**Task**
Exclude the pictures, then restate exactly each line of the data below from the first through the line containing "doc.layers.add('FOREST', color=96, linetype='Continuous')".

Records contained in a dataset:

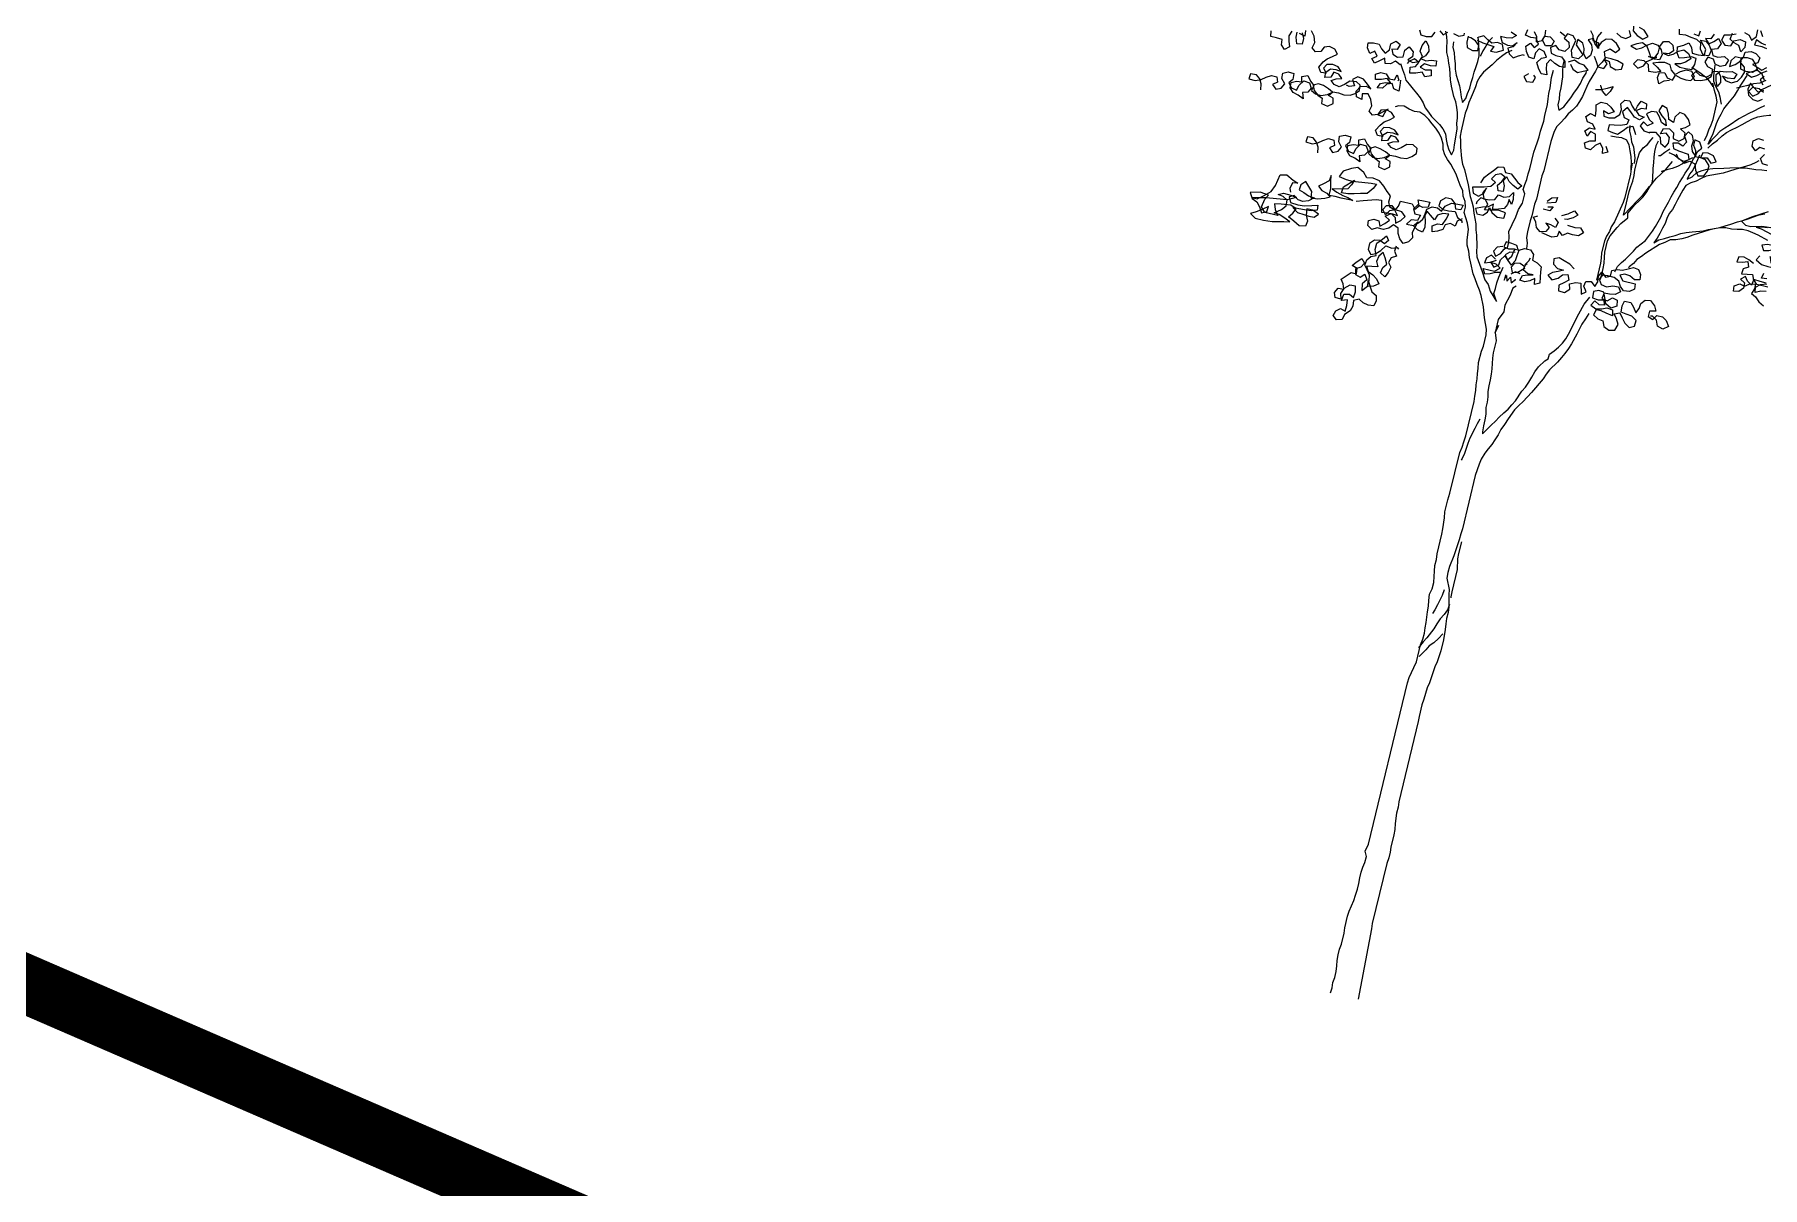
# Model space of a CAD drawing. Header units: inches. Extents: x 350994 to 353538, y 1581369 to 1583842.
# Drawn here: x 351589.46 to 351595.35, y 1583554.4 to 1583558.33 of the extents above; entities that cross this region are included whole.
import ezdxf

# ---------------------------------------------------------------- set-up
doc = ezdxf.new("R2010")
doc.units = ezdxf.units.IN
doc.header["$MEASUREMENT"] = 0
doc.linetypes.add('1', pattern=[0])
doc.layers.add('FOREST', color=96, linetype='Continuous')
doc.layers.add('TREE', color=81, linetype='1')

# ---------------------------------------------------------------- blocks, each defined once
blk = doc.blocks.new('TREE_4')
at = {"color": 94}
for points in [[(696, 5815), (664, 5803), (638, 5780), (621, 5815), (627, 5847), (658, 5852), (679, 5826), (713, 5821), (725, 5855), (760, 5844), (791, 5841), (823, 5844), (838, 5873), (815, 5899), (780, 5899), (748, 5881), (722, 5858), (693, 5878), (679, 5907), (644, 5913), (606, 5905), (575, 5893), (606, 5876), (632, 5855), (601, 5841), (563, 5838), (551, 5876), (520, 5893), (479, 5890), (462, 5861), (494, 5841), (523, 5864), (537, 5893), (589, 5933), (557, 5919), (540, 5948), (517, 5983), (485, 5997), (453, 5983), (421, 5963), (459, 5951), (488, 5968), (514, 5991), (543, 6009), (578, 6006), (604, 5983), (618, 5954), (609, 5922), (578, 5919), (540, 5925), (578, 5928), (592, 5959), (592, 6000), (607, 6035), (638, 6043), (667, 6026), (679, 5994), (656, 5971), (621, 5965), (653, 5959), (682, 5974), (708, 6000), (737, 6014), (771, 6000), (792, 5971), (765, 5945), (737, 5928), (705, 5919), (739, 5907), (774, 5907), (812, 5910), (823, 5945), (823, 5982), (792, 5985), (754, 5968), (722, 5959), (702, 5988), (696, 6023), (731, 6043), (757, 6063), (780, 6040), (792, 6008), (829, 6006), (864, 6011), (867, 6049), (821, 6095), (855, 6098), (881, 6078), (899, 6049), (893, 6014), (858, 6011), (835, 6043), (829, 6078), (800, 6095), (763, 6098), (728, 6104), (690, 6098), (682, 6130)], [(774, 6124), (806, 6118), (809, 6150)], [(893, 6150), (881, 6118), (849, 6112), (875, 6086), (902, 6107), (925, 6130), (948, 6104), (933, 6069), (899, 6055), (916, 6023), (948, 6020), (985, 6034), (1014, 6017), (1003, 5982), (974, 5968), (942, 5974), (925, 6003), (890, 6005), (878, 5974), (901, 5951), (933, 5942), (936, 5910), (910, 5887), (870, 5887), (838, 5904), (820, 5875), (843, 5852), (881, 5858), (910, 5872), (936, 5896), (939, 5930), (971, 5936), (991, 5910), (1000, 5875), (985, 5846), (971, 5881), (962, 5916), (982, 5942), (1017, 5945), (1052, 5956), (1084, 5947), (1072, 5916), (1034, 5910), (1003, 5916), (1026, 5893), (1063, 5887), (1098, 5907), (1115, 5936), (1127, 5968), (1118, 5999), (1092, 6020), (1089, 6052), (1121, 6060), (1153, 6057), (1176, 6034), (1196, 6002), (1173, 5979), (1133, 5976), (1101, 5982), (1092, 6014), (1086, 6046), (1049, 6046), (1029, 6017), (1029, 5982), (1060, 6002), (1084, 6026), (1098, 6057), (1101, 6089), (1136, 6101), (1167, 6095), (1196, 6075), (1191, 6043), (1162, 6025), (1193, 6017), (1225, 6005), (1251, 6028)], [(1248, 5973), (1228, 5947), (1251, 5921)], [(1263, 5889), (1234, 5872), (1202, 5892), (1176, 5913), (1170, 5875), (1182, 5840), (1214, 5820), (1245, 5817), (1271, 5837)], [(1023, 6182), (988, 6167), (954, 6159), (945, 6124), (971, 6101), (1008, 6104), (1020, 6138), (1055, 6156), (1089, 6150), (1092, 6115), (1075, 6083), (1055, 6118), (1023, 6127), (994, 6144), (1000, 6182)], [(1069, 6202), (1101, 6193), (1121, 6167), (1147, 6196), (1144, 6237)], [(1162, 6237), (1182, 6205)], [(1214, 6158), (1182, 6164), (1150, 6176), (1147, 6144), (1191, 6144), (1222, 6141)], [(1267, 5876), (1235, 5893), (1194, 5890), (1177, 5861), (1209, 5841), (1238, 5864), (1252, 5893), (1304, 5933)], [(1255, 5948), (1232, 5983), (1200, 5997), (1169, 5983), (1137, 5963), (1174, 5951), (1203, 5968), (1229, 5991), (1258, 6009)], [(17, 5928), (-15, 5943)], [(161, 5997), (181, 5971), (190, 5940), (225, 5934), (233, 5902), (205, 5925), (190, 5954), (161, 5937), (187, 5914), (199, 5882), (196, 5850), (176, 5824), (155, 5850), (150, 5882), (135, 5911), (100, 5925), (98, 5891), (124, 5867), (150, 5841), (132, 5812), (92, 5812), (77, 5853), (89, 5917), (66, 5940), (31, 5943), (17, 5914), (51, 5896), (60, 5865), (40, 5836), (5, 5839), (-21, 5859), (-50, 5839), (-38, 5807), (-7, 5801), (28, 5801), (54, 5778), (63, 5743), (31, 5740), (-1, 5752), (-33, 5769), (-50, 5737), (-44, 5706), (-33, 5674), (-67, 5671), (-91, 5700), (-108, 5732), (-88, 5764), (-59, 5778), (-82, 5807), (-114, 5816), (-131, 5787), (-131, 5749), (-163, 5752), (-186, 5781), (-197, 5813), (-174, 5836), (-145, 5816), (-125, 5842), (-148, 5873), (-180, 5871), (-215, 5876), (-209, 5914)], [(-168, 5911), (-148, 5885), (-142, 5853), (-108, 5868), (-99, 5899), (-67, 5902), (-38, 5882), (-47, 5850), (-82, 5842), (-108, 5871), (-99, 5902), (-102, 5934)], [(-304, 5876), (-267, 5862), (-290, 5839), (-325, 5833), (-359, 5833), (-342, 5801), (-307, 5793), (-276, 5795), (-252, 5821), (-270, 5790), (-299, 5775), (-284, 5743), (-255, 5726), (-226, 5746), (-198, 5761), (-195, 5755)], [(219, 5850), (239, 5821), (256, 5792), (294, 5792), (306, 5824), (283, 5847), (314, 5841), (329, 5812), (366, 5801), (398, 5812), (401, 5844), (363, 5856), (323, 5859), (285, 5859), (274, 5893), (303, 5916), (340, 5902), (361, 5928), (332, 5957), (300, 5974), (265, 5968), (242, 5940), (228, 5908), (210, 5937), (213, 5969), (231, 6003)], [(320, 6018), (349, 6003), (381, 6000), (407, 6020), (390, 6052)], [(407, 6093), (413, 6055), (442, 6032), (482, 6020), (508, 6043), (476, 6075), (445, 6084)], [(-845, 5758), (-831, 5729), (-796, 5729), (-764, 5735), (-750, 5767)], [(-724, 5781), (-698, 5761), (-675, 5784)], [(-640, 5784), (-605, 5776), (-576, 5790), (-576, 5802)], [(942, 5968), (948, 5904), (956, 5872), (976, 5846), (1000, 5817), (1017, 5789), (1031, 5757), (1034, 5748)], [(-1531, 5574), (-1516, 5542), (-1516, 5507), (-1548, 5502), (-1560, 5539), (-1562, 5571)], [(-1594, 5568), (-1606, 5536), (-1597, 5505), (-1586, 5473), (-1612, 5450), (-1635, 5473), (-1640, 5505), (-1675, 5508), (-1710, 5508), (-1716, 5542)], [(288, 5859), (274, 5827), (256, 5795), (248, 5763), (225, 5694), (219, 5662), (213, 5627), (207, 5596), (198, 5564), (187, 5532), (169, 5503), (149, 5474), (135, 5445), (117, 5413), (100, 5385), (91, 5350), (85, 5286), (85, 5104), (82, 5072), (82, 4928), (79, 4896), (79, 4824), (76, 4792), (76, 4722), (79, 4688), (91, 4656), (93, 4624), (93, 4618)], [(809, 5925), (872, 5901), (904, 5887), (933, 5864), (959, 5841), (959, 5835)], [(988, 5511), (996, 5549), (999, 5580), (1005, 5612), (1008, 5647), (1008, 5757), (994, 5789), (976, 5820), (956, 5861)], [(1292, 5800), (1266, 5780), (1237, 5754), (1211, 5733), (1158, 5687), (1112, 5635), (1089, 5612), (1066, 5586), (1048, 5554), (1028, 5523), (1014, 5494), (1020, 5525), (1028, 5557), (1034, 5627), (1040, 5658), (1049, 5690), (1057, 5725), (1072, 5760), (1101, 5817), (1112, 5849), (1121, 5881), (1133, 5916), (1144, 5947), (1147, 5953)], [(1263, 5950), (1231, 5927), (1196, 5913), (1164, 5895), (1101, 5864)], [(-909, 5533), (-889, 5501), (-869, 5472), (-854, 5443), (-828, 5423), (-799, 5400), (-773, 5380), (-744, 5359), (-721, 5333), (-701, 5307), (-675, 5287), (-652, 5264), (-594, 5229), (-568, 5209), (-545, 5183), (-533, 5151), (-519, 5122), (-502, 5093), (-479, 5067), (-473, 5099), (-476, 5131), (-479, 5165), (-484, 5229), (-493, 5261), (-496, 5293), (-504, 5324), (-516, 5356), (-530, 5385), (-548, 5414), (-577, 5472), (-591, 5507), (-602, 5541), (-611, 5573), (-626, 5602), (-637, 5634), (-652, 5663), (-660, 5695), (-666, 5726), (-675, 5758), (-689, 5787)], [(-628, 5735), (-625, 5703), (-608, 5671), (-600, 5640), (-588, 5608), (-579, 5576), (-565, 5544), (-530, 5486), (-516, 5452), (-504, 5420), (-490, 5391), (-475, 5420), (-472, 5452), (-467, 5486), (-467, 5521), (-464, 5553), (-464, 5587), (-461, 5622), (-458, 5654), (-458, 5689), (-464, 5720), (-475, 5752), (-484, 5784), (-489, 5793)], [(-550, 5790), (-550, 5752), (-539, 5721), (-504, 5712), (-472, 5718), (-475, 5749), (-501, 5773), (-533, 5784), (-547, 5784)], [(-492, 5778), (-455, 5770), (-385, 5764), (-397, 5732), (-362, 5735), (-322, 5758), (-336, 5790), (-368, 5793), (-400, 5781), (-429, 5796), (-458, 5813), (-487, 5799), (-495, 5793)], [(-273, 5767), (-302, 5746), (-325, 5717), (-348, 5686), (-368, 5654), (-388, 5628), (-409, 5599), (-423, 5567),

**Task output**
# Model space of a CAD drawing. Header units: inches. Extents: x 350994 to 353538, y 1581369 to 1583842.
# Drawn here: x 351589.46 to 351595.35, y 1583554.4 to 1583558.33 of the extents above; entities that cross this region are included whole.
import ezdxf

# ---------------------------------------------------------------- set-up
doc = ezdxf.new("R2010")
doc.units = ezdxf.units.IN
doc.header["$MEASUREMENT"] = 0
doc.linetypes.add('1', pattern=[0])
doc.layers.add('FOREST', color=96, linetype='Continuous')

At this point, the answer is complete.